Moreover, there is a particular need to protect the authority of the court and its orders in response to the conduct of Mr Varouxakis in this case. He has repeatedly shown disdain for that authority through his deliberate breach of court orders. That sort of conduct is to be deplored and it deserves a robust response from this court.

53.

Conversely, whilst it is right to acknowledge that freezing relief may have serious consequences for those subject to it, the likelihood of any freezing order turning out to have been wrongly granted is naturally reduced where, as here, liability has been determined by a binding order of this court.

54.

The ultimate question on any application for a worldwide freezing order is whether it is just and convenient to grant the order, see Holyoakev Candy [2016] 3 WLR 357 at paragraph 34. I consider that it plainly is in this case.

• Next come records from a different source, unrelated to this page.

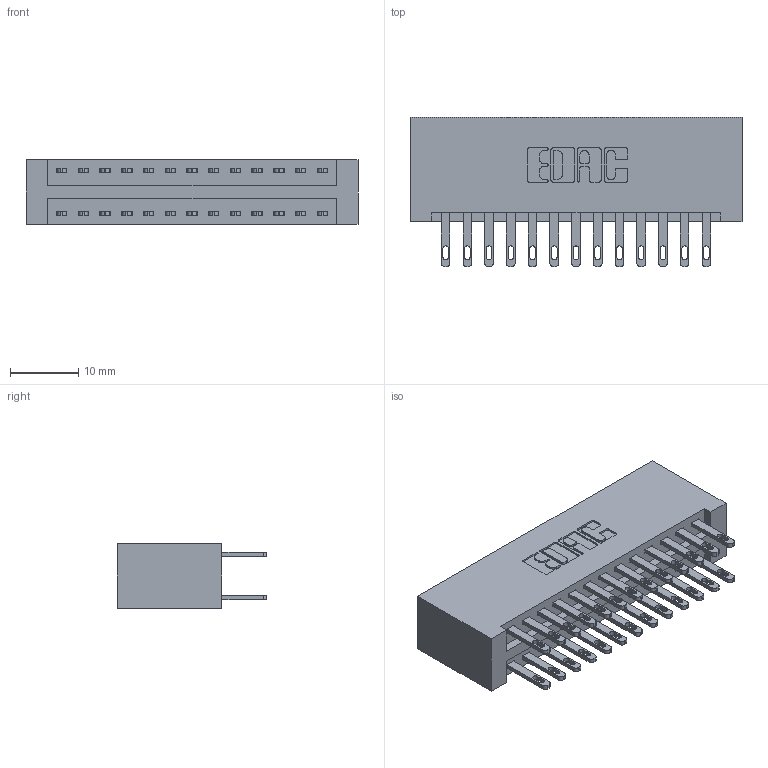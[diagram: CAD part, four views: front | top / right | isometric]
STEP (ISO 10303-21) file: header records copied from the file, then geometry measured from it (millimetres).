
FILE_DESCRIPTION (( 'STEP AP203' ), '1' );
FILE_NAME ('346-026-500-201.STEP', '2022-05-19T00:48:54', ( '' ), ( '' ), 'SwSTEP 2.0', 'SolidWorks 2020', '' );
FILE_SCHEMA (( 'CONFIG_CONTROL_DESIGN' ));
Length unit declared in the file: inch
Products named in the file (3): 345-292-001_345-293-100; 346 Part_No Mounting Lugs; 346-026-500-201
Assembly tree (27 placements, depth 2):
  346-026-500-201
    346 Part_No Mounting Lugs
    345-292-001_345-293-100  x26
Bounding box: 48.51 x 21.84 x 9.4 mm (x, y, z)
Volume: 5158.2 mm3; surface area: 7069.8 mm2
Topology: 27 solids, 27 shells, 1362 faces, 4127 edges, 2750 vertices
Faces by surface type: plane 826, cylinder 536
Entity records: 12041 total; most frequent: CARTESIAN_POINT 2020, ORIENTED_EDGE 1954, DIRECTION 1829, EDGE_CURVE 977, LINE 797, VECTOR 797, VERTEX_POINT 650, AXIS2_PLACEMENT_3D 516

I do not consider that the delay in applying for this relief should lead to the court refusing to grant it when that delay is viewed against the background of Mr Varouxakis' misleading and obstructive conduct throughout, his contempt for orders of this court, and Griffin's many attempts to obtain satisfaction of its judgment without resort to this serious form of relief.

55.

Finally, I should mention that Mr Sacher, in his first affidavit, as supplemented by the submissions before me of Ms Hopkins, sets out the full and frank disclosure of matters which may be advanced against the applicant. I am satisfied that none of those factors should lead me to refuse the application for relief. In all the circumstances, I grant the order sought by Griffin in the terms of the draft which I have discussed with Ms Hopkins.

Service of proceedings

56.

Finally, I should mention in relation to service, Griffin invites the court to make an order for service of any order made on Mr Varouxakis at the address given by him in the Greek proceedings, see the affidavit of Mr Sacher at paragraphs 43 to 50. Because Greece is a party to the Hague Convention on service of documents, it is established law that special circumstances must be shown for alternative service to be made in such a case. See, for example, the judgment of Mrs Justice Cockerill in Russian Commercial Bank(Cyprus) v FedorKhoroshilov [2020] EWHC 1164 at paragraphs 96-97.

57.

In my judgment, in a case such as this where a party seeks a freezing injunction, because the court is making a number of coercive orders with the risk of committal for contempt, as well as the claimant giving an undertaking in damages, it is important that the proceedings be constituted formally as soon as possible which, in my judgment, fully justifies an order for alternative service, despite this being a Hague Convention case.

58.

That is all the more so, it seems to me, where Mr Varouxakis' Writ of Objections is due to be heard on 16 February 2020, and in circumstances where the evidence shows that Mr Varouxakis has instructed lawyers able to accept service, has taken a full part in the proceedings when it suits him to do so, only then to withdraw and to seek to make life as difficult as possible for Griffin when it does not.

59.

I also take account of the fact that it is obviously difficult for Griffin to serve through the Hague Convention route in any event, because Mr Varouxakis has been, as I have mentioned, very coy about giving his actual address.

60.

I therefore grant Griffin permission to serve the order made by this court and supporting evidence by registered post on the address given by Mr Varouxakis in his Writ of Objections, with a copy to be sent by email to Mr Dalakos, the Greek lawyer, for information. I am told by Ms Hopkins that service in that form, whilst not authorised by Greek law, is not illegal under Greek law, see Mr Sacher's first affidavit, paragraph 48, and Abela v Baaderani [2013] UKSC 44.

61.

I should say, I also grant Griffin permission not to be required to translate materials into Greek, as that appears to be entirely unnecessary.

62.

For all those reasons, I grant the relief sought in the draft order as amended as a result of the discussions which I had with Ms Hopkins immediately before giving this judgment, and which will be recorded on the transcript.